The problem is defining managed services.  What does it mean to be an MSP?  This is something the security industry has struggled with.  In my opinion, that definition really falls onto the integrator, and what services they are willing to offer.  Do they offer proactive monitoring of systems, or do they offer a GSOC-as-a-Service?  The spectrum between the two is very wide and has obvious substantial financial and manpower differences.

One of the most basic services that can be offered is proactive network monitoring.  This is a category of managed services that is necessary for almost any end-user.  Most end-users have network monitoring tools, such as Solar Winds, for the IT stakeholders.  The issue now being identified is that security infrastructure is moving beyond conventional IT to non-traditional devices such as cameras, sensors, and wireless technologies requiring network monitoring tools been born out of the security industry and combined with detailed management of traditional security infrastructure within an IT framework,  allowing security integrators to deliver security related solutions within a model that IT accepts and uses.

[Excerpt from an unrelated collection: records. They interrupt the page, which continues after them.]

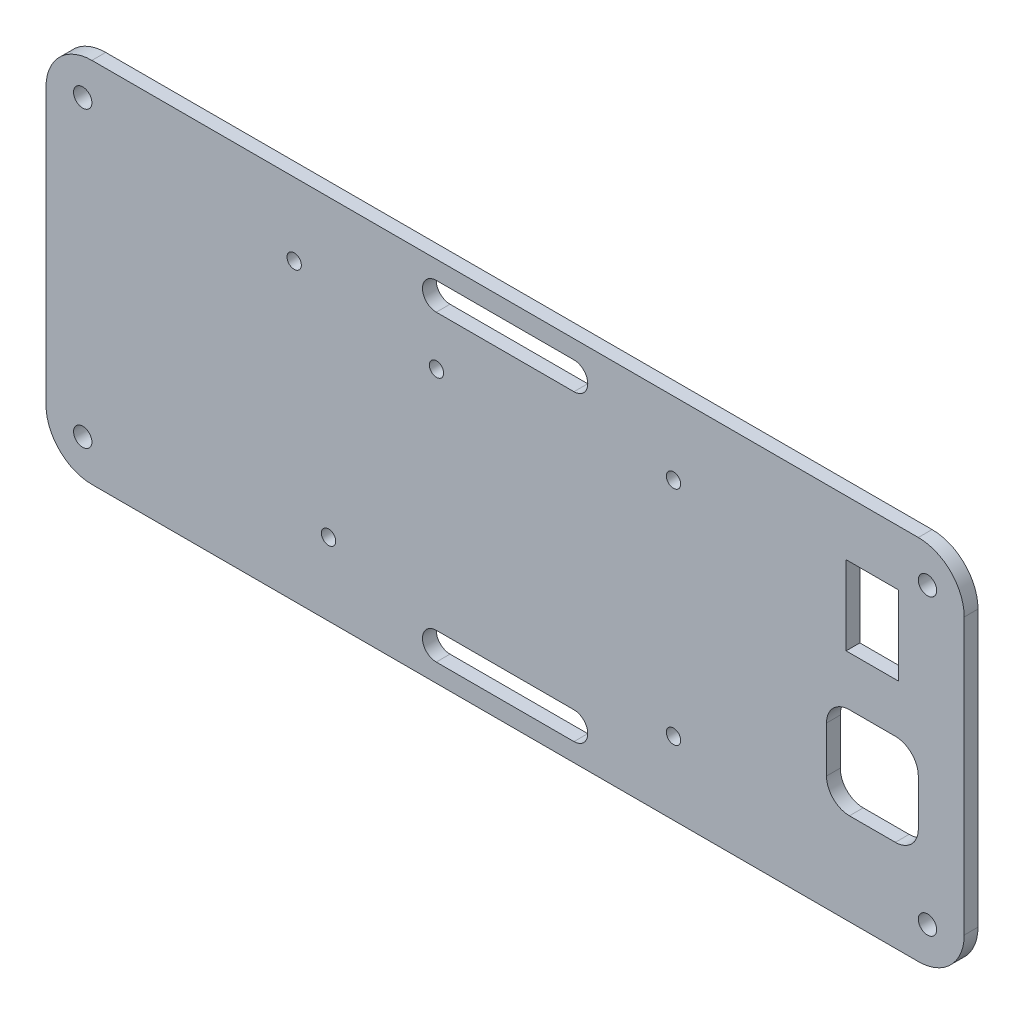
from build123d import *

# Parameters (mm, degrees)
SKETCH1_W           = 200
SKETCH1_H           = 80
BOSS_EXTRUDE1_DEPTH = 3
SKETCH2_R           = 2
CUT_EXTRUDE1_DEPTH  = 108.745069493
FILLET1_R           = 10
SKETCH3_R           = 1.5621
CUT_EXTRUDE2_DEPTH  = 108.745069493
SKETCH4_W           = 20
SKETCH4_H           = 20
CUT_EXTRUDE3_DEPTH  = 108.745069493
FILLET2_R           = 5
CUT_EXTRUDE4_DEPTH  = 108.745069493
SKETCH6_W           = 11.45
SKETCH6_H           = 17.2
CUT_EXTRUDE5_DEPTH  = 108.745069493


with BuildPart() as part:
    # Sketch1 → Boss-Extrude1 (new body)
    with BuildSketch(Plane.XY):
        Rectangle(SKETCH1_W, SKETCH1_H)
    extrude(amount=BOSS_EXTRUDE1_DEPTH)

    # Sketch2 → Cut-Extrude1 (cut, through all)
    with BuildSketch(Plane.XY.offset(3)):
        with Locations((-92, 32)):
            Circle(SKETCH2_R)
        with Locations(Location((-92, -32, 0), (0, 0, 180))):
            Circle(SKETCH2_R)
        with Locations((92, -32)):
            Circle(SKETCH2_R)
        with Locations(Location((92, 32, 0), (0, 0, 180))):
            Circle(SKETCH2_R)
    extrude(amount=-CUT_EXTRUDE1_DEPTH, mode=Mode.SUBTRACT)

    # Fillet1
    fillet1_edges = [part.edges().sort_by_distance(p)[0] for p in [
        (100, -40, 1.5),
        (-100, -40, 1.5),
        (-100, 40, 1.5),
        (100, 40, 1.5),
    ]]
    fillet(fillet1_edges, radius=FILLET1_R)

    # Sketch3 → Cut-Extrude2 (cut, through all)
    with BuildSketch(Plane.XY.offset(3)):
        with Locations((36.6776, 24.1681)):
            Circle(SKETCH3_R)
        with Locations((36.6776, -24.1681)):
            Circle(SKETCH3_R)
        with Locations((-38.4556, -24.1681)):
            Circle(SKETCH3_R)
        with Locations((-45.9486, 24.1681)):
            Circle(SKETCH3_R)
        with Locations((-14.9479, 19.289607234)):
            Circle(SKETCH3_R)
    extrude(amount=-CUT_EXTRUDE2_DEPTH, mode=Mode.SUBTRACT)

    # Sketch4 → Cut-Extrude3 (cut, through all)
    with BuildSketch(Plane.XY.offset(3)):
        with Locations((80, -10)):
            Rectangle(SKETCH4_W, SKETCH4_H)
    extrude(amount=-CUT_EXTRUDE3_DEPTH, mode=Mode.SUBTRACT)

    # Fillet2
    fillet2_edges = [part.edges().sort_by_distance(p)[0] for p in [
        (90, 0, 1.5),
        (90, -20, 1.5),
        (70, -20, 1.5),
        (70, 0, 1.5),
    ]]
    fillet(fillet2_edges, radius=FILLET2_R)

    # Sketch5 → Cut-Extrude4 (cut, through all)
    with BuildSketch(Plane.XY.offset(3)):
        with BuildLine():
            Line((-15, -30), (15, -30))
            ThreePointArc((15, -30), (18, -33), (15, -36))
            Line((15, -36), (-15, -36))
            ThreePointArc((-15, -36), (-18, -33), (-15, -30))
        make_face()
        with BuildLine():
            Line((-15, 30), (15, 30))
            ThreePointArc((15, 30), (18, 33), (15, 36))
            Line((15, 36), (-15, 36))
            ThreePointArc((-15, 36), (-18, 33), (-15, 30))
        make_face()
    extrude(amount=-CUT_EXTRUDE4_DEPTH, mode=Mode.SUBTRACT)

    # Sketch6 → Cut-Extrude5 (cut, through all)
    with BuildSketch(Plane.XY.offset(3)):
        with Locations((80, 19.35)):
            Rectangle(SKETCH6_W, SKETCH6_H)
    extrude(amount=-CUT_EXTRUDE5_DEPTH, mode=Mode.SUBTRACT)


solid = part.part

One of the proactive network monitoring tools is EyeOTMonitor (, a cloud-hosted remote network management (RNM) platform.  EyeOTMonitor is a single pane of glass application that allows security integrators and the end-user to monitor and manage the core network, IoT, and physical security infrastructure  Sure, there are IT systems out there that can manage the network.  However, the security integrator does not just care about the network.  There are devices, end-points, edge sensors, hardware, and software platforms that need more than just “ping”.  To do this, there must be a library of communication protocols and integrations, and there is.  The EyeOTMonitor integrations include cameras, routers, switches, firewalls, point-to-point wireless radios, IoT devices, and on-premise or cloud-hosted servers.  These assets need to be managed; in real-time, with actionable data and key performance indicators (KPIs); with outcomes such as reducing asset and network downtime, reduced truck rolls, asset and lifecycle management, and more.

Topology and Spatial Mapping

EyeOTMonitor offers simple drag-and-drop options to create topology mapping of networked assets.  This traditional view of network topology offers a very granular application for security and other operational technology (OT) applications to see problematic devices or networks; before the system may alert.  This also helps the MSP identify upstream failures that cause the alarmed effect.  For someone who has used Google Earth to map out citywide surveillance designs, EyeOTMonitor also offers ESRI or custom geospatial mapping, offering a digital twin for spatial referencing of assets on a map.

Remote Management

Managed Services relies upon remote management using secure communications.  EyeOTMonitor offers secured communication from end-to-end from the endpoint to the platform.  They are currently undergoing ISO 27001 and SOC2 compliance audits for acceptance later in 2024.

Data Dashboards

We know that security is rarely just about security these days; rather it’s about using the existing sensors to provide actionable business intelligence data that can be shared with other organizational stakeholders.  EyeOTMonitor comes with standard data dashboards; but also allows the MSP the ability to create custom solutions-driven dashboards.  Within the dashboards; each system, device, or end-point there are a multitude of settings that provide levels of alerting and levels of communication, allowing the Security Integrator to acknowledge potential issues to address before they become an issue; allowing the Security Integrator to become a true partner, with the end-users best interest in mind.

To the Security Integrator – Is becoming an MSP going to be easy?  Rarely anything of value is easy.  It will take for many a change in business model, to focus on the partnership rather than the new business.  For those system integrators who embrace managed services; from proactive network monitoring tools like EyeOTMonitor to GSOC-as-a-Service, there are truckloads of golden eggs just waiting.